Saturday, September 20, 2008
My father died 12 years ago today. I was in Athens, Greece standing in the basement of a dark gay bar when it happened.
Daddy had a stroke in 1991 and was partially paralyzed. He had gradually gone almost blind, a side-effect of 14 years of diabetes. The last time I talked to him on the phone he assured me he was going to live a while longer, "The doctor just gave me 100 days worth of pills."
It was my first trip overseas. I went to visit Yorgos, arriving in Athens on September 18th. Everything was strange and exotic and my travel journal is filled with observations about how different things were, observations that I cringe to read now. On that Friday, the 20th, Yorgos and I walked downtown from his apartment, passing the original Olympic stadium. We had lunch at McDonald’s (Yorgos loves American food) and I have the placemat from that meal stuck into my journal, in Greek with occasional English words sprinkled in.

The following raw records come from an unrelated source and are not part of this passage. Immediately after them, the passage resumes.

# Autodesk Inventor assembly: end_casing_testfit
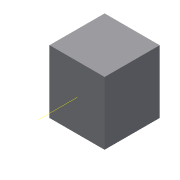
[picture p0: Inventor's stored thumbnail of the model, 180x180]
Saved by Autodesk Inventor 2017 (Build 210142000, 142)
## iProperties
Created: 2018-06-13
Part Number: end_casing_testfit
Document SubType Name: Assembly
Designer: Nic
Author: Nic
## Documents named in this file (4)
- C:\Users\Nic\Documents\Antenna\end_casing_testfit.iam
- C:\Users\Nic\Documents\Antenna\mould_end_casing_base.ipt
- C:\Users\Nic\Documents\Antenna\end_segment_v2.ipt
- C:\Users\Nic\Documents\Antenna\mould_end_casing_top.ipt
## Components (3 placed, 3 different names)
1. mould_end_casing_base:1 — Mate:1, Mate:2, Mate:3, Mate:4, Insert:1, Insert:2
2. end_segment_v2:1 — Mate:1, Mate:2, Mate:3
3. mould_end_casing_top:1 — Mate:4, Insert:1, Insert:2
## Relationships (6: Mate 4, Insert 2)
- Mate:1 (0.2 mm): mould_end_casing_base:1 ↔ end_segment_v2:1
- Mate:2 (0.5 mm): mould_end_casing_base:1 ↔ end_segment_v2:1
- Mate:3 (0.4 mm): mould_end_casing_base:1 ↔ end_segment_v2:1
- Mate:4: mould_end_casing_base:1 ↔ mould_end_casing_top:1
- Insert:1: mould_end_casing_base:1 ↔ mould_end_casing_top:1
- Insert:2: mould_end_casing_base:1 ↔ mould_end_casing_top:1
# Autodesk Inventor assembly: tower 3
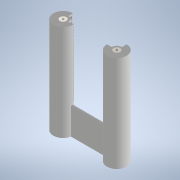
[picture p0: Inventor's stored thumbnail of the model, 180x180]
Saved by Autodesk Inventor 2020.1 (Build 241239000, 239)
## iProperties
Created: 2022-04-02
Part Number: tower 3
Document SubType Name: Assembly
Designer: User
Author: User
## Documents named in this file (3)
- D:\GitHub\TANK\3D-turret\tower 3.iam
- D:\GitHub\TANK\3D-turret\gun 3.iam
- D:\GitHub\TANK\3D-turret\gun 3_ЗЕРКАЛО.iam
## Components (2 placed, 2 different names)
1. gun 3:1 [sub-assembly] — Жесткий:1
2. gun 3_ЗЕРКАЛО:1 [sub-assembly] — Жесткий:1
## Relationships (1: WeldJoint 1)
- Жесткий:1 [WeldJoint]: gun 3:1 ↔ gun 3_ЗЕРКАЛО:1
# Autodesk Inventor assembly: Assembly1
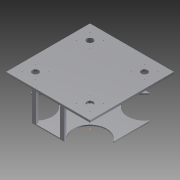
[picture p0: Inventor's stored thumbnail of the model, 180x180]
Saved by Autodesk Inventor 2011 (Build 150239000, 239)
## iProperties
Created: 2011-08-21
Part Number: Assembly1
Document SubType Name: Assembly
Designer: Matthew
Author: Matthew
## Documents named in this file (4)
- C:\Users\Matthew\Documents\matthew_autocad\prlite\base\BASE.iam
- C:\Users\Matthew\Documents\matthew_autocad\prlite\base\base top.ipt
- C:\Users\Matthew\Documents\matthew_autocad\prlite\base\base bottom.ipt
- C:\Users\Matthew\Documents\matthew_autocad\prlite\base\top-bot connector lame.ipt
## Components (10 placed, 3 different names)
1. base top:1 — Flush:14, Mate:2, Mate:6, Flush:19, Mate:7, Mate:8, Mate:10, Flush:22, Mate:11, Flush:24, Flush:25, Flush:26, Mate:12, Flush:29, Flush:30, Flush:31, Mate:13, Flush:34
2. base bottom:1 — Flush:17, Flush:20, Mate:9, Flush:21, Flush:23, Flush:27, Flush:28, Flush:32, Flush:33
3. top-bot connector lame:2 — Flush:14, Mate:2, Flush:17, Mate:7
4. top-bot connector lame:3 — Mate:6, Flush:19, Mate:8, Flush:20, Mate:9
5. top-bot connector lame:4 — Flush:33, Mate:13, Flush:34
6. top-bot connector lame:5 — Flush:30, Flush:31, Flush:32
7. top-bot connector lame:6 — Mate:12, Flush:28, Flush:29
8. top-bot connector lame:7 — Flush:25, Flush:26, Flush:27
9. top-bot connector lame:8 — Mate:10, Flush:21, Flush:22
10. top-bot connector lame:9 — Flush:23, Mate:11, Flush:24
## Relationships (27: Flush 18, Mate 9)
- Flush:14: base top:1 ↔ top-bot connector lame:2
- Mate:2: base top:1 ↔ top-bot connector lame:2
- Flush:17: base bottom:1 ↔ top-bot connector lame:2
- Mate:6: base top:1 ↔ top-bot connector lame:3
- Flush:19: base top:1 ↔ top-bot connector lame:3
- Mate:7: base top:1 ↔ top-bot connector lame:2
- Mate:8: base top:1 ↔ top-bot connector lame:3
- Flush:20: base bottom:1 ↔ top-bot connector lame:3
- Mate:9: base bottom:1 ↔ top-bot connector lame:3
- Mate:10: base top:1 ↔ top-bot connector lame:8
- Flush:21: base bottom:1 ↔ top-bot connector lame:8
- Flush:22: base top:1 ↔ top-bot connector lame:8
- Flush:23: base bottom:1 ↔ top-bot connector lame:9
- Mate:11: base top:1 ↔ top-bot connector lame:9
- Flush:24: base top:1 ↔ top-bot connector lame:9
- Flush:25: base top:1 ↔ top-bot connector lame:7
- Flush:26: base top:1 ↔ top-bot connector lame:7
- Flush:27: base bottom:1 ↔ top-bot connector lame:7
- Mate:12: base top:1 ↔ top-bot connector lame:6
- Flush:28: base bottom:1 ↔ top-bot connector lame:6
- Flush:29: base top:1 ↔ top-bot connector lame:6
- Flush:30: base top:1 ↔ top-bot connector lame:5
- Flush:31: base top:1 ↔ top-bot connector lame:5
- Flush:32: base bottom:1 ↔ top-bot connector lame:5
- Flush:33: base bottom:1 ↔ top-bot connector lame:4
- Mate:13: base top:1 ↔ top-bot connector lame:4
- Flush:34: base top:1 ↔ top-bot connector lame:4

The previous June I had flown back to Michigan and driven to my parent’s house in the upper peninsula. My brother had announced that he wasn’t going to run the family dairy farm and that he wasn’t going to run the buffalo farm either. At 35, he had suddenly developed a backbone. My parents had to move in with my mother’s mother. My father was distraught, it must have been embarrassing for him at his age to live with his mother-in-law. But what else could he do? For the last five years he had been an invalid and when the farm sold, there was about $17,000 left over. $17,000 after 22 years of work. He had never been a good businessman.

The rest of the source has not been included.